#### Description of the task
Starting with the first line below, extract each line through the one that contains "circle A4 centre", inclusive, excluding pictures.

-------- Working data --------

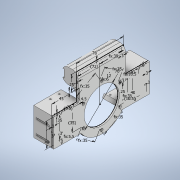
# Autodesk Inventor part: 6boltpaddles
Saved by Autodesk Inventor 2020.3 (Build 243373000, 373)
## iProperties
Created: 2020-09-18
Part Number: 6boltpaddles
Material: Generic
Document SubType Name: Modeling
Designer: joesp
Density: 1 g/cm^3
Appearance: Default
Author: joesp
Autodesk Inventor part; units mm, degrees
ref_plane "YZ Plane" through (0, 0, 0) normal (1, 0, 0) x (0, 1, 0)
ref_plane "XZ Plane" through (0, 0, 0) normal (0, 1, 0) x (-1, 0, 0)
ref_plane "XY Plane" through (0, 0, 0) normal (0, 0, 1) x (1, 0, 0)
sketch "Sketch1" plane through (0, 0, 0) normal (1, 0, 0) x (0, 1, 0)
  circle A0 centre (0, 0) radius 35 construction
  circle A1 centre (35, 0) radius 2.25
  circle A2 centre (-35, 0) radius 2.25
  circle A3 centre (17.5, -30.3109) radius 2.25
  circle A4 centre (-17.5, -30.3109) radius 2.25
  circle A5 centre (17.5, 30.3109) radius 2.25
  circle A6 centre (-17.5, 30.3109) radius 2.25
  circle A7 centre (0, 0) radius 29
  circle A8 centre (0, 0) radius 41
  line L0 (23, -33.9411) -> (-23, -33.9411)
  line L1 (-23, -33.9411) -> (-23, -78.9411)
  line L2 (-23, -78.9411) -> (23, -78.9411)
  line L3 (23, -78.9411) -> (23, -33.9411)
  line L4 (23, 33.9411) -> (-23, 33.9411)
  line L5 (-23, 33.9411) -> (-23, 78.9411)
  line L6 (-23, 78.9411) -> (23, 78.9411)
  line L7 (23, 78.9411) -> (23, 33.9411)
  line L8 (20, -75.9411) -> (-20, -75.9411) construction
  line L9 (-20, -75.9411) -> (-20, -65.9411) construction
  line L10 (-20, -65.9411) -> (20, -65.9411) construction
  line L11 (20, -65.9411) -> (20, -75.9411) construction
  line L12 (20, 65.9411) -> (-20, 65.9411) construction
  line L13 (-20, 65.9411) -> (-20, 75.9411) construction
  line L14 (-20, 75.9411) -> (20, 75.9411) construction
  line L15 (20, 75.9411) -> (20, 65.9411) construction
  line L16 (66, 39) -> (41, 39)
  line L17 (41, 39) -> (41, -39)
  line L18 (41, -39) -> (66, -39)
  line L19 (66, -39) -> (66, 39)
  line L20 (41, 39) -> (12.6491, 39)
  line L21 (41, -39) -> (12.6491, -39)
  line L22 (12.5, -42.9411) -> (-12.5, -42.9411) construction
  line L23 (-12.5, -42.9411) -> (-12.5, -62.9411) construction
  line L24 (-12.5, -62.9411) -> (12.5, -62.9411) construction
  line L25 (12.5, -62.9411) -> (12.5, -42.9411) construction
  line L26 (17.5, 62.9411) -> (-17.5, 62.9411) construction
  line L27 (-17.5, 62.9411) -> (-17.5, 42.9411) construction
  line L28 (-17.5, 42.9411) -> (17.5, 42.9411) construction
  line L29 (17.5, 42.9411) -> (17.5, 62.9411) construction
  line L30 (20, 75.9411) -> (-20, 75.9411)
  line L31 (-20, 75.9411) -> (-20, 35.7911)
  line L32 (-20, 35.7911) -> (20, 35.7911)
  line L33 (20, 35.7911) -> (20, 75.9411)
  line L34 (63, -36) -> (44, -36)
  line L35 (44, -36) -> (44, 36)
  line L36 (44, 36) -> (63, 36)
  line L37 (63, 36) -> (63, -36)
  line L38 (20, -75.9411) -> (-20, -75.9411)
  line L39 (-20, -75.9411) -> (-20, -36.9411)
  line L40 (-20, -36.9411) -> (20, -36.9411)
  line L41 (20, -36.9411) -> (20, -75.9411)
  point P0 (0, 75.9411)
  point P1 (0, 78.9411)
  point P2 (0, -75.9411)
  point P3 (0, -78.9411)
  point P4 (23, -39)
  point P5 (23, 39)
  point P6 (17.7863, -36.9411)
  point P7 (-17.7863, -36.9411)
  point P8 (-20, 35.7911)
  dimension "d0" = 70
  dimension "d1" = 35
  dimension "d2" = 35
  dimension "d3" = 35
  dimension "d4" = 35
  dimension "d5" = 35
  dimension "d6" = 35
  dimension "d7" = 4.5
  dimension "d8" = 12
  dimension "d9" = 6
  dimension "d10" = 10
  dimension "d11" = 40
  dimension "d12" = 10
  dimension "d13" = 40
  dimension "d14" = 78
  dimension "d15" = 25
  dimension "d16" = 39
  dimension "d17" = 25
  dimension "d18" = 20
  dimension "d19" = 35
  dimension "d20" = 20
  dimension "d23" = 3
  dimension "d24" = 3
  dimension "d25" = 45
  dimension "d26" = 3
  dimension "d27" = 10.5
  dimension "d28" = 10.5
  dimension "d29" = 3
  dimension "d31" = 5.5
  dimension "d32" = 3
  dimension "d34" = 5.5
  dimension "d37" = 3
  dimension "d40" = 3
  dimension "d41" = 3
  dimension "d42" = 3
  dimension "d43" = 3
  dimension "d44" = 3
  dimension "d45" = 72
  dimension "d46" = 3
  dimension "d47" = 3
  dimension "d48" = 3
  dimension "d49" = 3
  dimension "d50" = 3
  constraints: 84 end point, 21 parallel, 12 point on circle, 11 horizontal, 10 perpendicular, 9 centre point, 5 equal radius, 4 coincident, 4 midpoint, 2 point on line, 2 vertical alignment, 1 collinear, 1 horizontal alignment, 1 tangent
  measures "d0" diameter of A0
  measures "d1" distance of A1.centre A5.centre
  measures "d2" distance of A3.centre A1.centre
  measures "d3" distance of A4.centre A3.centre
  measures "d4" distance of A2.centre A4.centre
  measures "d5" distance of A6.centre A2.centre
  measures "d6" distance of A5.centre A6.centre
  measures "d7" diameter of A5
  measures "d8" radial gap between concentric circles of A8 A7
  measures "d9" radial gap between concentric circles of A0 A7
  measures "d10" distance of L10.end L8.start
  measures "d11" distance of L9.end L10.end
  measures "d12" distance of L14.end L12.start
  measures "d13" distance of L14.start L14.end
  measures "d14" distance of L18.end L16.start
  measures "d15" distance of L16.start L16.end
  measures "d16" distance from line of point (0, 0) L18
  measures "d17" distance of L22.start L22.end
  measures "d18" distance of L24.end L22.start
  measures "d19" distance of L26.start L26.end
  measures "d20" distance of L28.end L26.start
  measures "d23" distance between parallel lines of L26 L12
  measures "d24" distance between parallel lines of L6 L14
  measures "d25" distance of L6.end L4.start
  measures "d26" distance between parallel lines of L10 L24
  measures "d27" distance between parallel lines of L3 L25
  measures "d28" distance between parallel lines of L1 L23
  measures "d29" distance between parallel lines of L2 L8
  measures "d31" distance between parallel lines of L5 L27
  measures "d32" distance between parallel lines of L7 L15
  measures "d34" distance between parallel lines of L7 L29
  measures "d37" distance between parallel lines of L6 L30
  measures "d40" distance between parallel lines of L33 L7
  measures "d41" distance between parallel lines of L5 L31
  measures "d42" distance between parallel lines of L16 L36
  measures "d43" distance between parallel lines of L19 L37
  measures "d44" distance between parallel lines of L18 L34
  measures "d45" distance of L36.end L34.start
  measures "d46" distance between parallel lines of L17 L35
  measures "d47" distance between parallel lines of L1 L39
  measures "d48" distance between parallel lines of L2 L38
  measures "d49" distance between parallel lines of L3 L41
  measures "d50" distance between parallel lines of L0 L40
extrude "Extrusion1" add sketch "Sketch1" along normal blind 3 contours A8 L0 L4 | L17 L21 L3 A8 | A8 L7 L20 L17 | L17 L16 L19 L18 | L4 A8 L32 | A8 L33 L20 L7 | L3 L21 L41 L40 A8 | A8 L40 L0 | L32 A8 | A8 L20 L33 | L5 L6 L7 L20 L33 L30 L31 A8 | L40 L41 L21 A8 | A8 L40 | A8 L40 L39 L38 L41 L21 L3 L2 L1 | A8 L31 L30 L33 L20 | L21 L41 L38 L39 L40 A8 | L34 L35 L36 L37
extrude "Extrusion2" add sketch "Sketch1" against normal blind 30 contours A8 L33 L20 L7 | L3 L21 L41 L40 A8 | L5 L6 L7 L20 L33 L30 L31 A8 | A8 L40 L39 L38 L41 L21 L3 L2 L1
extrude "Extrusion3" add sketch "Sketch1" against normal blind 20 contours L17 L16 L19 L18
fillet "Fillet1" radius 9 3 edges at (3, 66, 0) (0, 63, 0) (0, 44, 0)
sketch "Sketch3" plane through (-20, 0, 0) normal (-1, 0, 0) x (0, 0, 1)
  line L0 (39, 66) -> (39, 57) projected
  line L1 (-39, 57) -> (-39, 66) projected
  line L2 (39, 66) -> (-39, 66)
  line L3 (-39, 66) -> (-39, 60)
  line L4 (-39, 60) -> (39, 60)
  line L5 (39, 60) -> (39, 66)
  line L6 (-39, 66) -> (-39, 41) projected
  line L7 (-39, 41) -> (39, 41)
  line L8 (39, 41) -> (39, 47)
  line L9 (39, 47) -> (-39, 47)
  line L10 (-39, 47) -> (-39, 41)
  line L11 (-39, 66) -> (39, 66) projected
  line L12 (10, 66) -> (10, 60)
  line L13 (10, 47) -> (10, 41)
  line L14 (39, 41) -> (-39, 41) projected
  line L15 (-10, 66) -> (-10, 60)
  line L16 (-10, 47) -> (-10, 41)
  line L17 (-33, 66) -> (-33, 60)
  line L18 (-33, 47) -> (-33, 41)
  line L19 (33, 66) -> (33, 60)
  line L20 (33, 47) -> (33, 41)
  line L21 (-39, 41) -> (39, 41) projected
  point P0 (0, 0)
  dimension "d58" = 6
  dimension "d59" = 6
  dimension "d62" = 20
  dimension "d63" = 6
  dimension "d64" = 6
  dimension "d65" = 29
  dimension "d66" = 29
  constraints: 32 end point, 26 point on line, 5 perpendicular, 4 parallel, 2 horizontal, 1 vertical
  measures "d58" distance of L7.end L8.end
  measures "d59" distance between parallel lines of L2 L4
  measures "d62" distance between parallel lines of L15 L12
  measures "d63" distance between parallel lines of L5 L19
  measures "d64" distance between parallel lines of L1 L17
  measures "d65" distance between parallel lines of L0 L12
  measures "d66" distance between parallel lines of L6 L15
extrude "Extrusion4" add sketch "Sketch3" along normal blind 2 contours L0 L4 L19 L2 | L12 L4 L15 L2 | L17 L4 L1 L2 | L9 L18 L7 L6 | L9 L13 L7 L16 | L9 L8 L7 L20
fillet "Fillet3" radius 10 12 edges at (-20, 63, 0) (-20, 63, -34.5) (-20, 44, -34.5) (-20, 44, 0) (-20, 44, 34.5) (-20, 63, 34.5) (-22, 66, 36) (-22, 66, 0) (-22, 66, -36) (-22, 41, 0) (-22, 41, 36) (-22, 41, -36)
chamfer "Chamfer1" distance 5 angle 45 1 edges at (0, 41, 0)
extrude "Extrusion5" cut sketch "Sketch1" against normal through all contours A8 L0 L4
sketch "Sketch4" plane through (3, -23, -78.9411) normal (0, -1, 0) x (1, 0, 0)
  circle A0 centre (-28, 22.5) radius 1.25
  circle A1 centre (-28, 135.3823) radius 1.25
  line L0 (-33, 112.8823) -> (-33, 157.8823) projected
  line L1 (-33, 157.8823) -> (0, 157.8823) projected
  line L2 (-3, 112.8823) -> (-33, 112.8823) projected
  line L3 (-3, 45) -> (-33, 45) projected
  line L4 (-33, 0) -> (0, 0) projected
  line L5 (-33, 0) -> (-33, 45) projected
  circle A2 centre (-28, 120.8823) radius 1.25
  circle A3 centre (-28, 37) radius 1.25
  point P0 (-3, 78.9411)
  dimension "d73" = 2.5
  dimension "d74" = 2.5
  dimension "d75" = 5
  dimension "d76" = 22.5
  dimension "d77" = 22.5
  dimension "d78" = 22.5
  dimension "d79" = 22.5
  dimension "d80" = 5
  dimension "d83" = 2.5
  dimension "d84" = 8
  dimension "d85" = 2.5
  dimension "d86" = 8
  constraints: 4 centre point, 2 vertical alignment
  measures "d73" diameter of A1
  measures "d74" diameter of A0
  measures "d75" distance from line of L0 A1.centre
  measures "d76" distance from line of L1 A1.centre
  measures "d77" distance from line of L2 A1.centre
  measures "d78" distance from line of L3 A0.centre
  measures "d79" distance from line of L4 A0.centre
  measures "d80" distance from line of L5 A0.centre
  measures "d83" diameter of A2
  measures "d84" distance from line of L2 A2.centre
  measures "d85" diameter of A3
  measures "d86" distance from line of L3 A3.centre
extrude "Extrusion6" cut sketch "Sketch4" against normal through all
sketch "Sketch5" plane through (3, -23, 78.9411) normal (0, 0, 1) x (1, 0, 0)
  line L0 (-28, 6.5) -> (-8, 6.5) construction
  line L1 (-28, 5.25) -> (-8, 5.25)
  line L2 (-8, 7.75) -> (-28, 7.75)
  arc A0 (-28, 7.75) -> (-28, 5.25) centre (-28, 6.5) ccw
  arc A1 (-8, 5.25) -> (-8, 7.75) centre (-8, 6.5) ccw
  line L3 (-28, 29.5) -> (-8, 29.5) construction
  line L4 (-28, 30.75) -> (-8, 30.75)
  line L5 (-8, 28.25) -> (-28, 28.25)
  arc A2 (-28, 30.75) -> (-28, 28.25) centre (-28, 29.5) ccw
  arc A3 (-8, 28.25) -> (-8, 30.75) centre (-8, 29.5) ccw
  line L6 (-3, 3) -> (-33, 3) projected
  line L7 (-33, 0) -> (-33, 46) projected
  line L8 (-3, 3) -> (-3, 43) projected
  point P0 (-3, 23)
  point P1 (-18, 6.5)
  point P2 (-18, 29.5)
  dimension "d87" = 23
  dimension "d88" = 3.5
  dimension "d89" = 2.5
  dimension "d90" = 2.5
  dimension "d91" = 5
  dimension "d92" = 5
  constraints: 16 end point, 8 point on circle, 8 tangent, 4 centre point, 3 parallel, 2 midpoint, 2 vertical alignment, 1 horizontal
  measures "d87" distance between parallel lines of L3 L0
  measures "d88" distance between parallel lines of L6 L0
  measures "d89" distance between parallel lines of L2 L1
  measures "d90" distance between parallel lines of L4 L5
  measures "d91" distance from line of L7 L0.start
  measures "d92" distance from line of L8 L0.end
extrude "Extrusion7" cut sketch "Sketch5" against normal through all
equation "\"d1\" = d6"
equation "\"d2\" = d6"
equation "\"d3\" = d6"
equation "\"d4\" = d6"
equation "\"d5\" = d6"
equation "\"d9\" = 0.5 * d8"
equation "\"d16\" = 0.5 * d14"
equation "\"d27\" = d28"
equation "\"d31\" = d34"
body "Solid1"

--------

#### Answer area
# Autodesk Inventor part: 6boltpaddles
Saved by Autodesk Inventor 2020.3 (Build 243373000, 373)
## iProperties
Created: 2020-09-18
Part Number: 6boltpaddles
Material: Generic
Document SubType Name: Modeling
Designer: joesp
Density: 1 g/cm^3
Appearance: Default
Author: joesp
Autodesk Inventor part; units mm, degrees
ref_plane "YZ Plane" through (0, 0, 0) normal (1, 0, 0) x (0, 1, 0)
ref_plane "XZ Plane" through (0, 0, 0) normal (0, 1, 0) x (-1, 0, 0)
ref_plane "XY Plane" through (0, 0, 0) normal (0, 0, 1) x (1, 0, 0)
sketch "Sketch1" plane through (0, 0, 0) normal (1, 0, 0) x (0, 1, 0)
  circle A0 centre (0, 0) radius 35 construction
  circle A1 centre (35, 0) radius 2.25
  circle A2 centre (-35, 0) radius 2.25
  circle A3 centre (17.5, -30.3109) radius 2.25
  circle A4 centre (-17.5, -30.3109) radius 2.25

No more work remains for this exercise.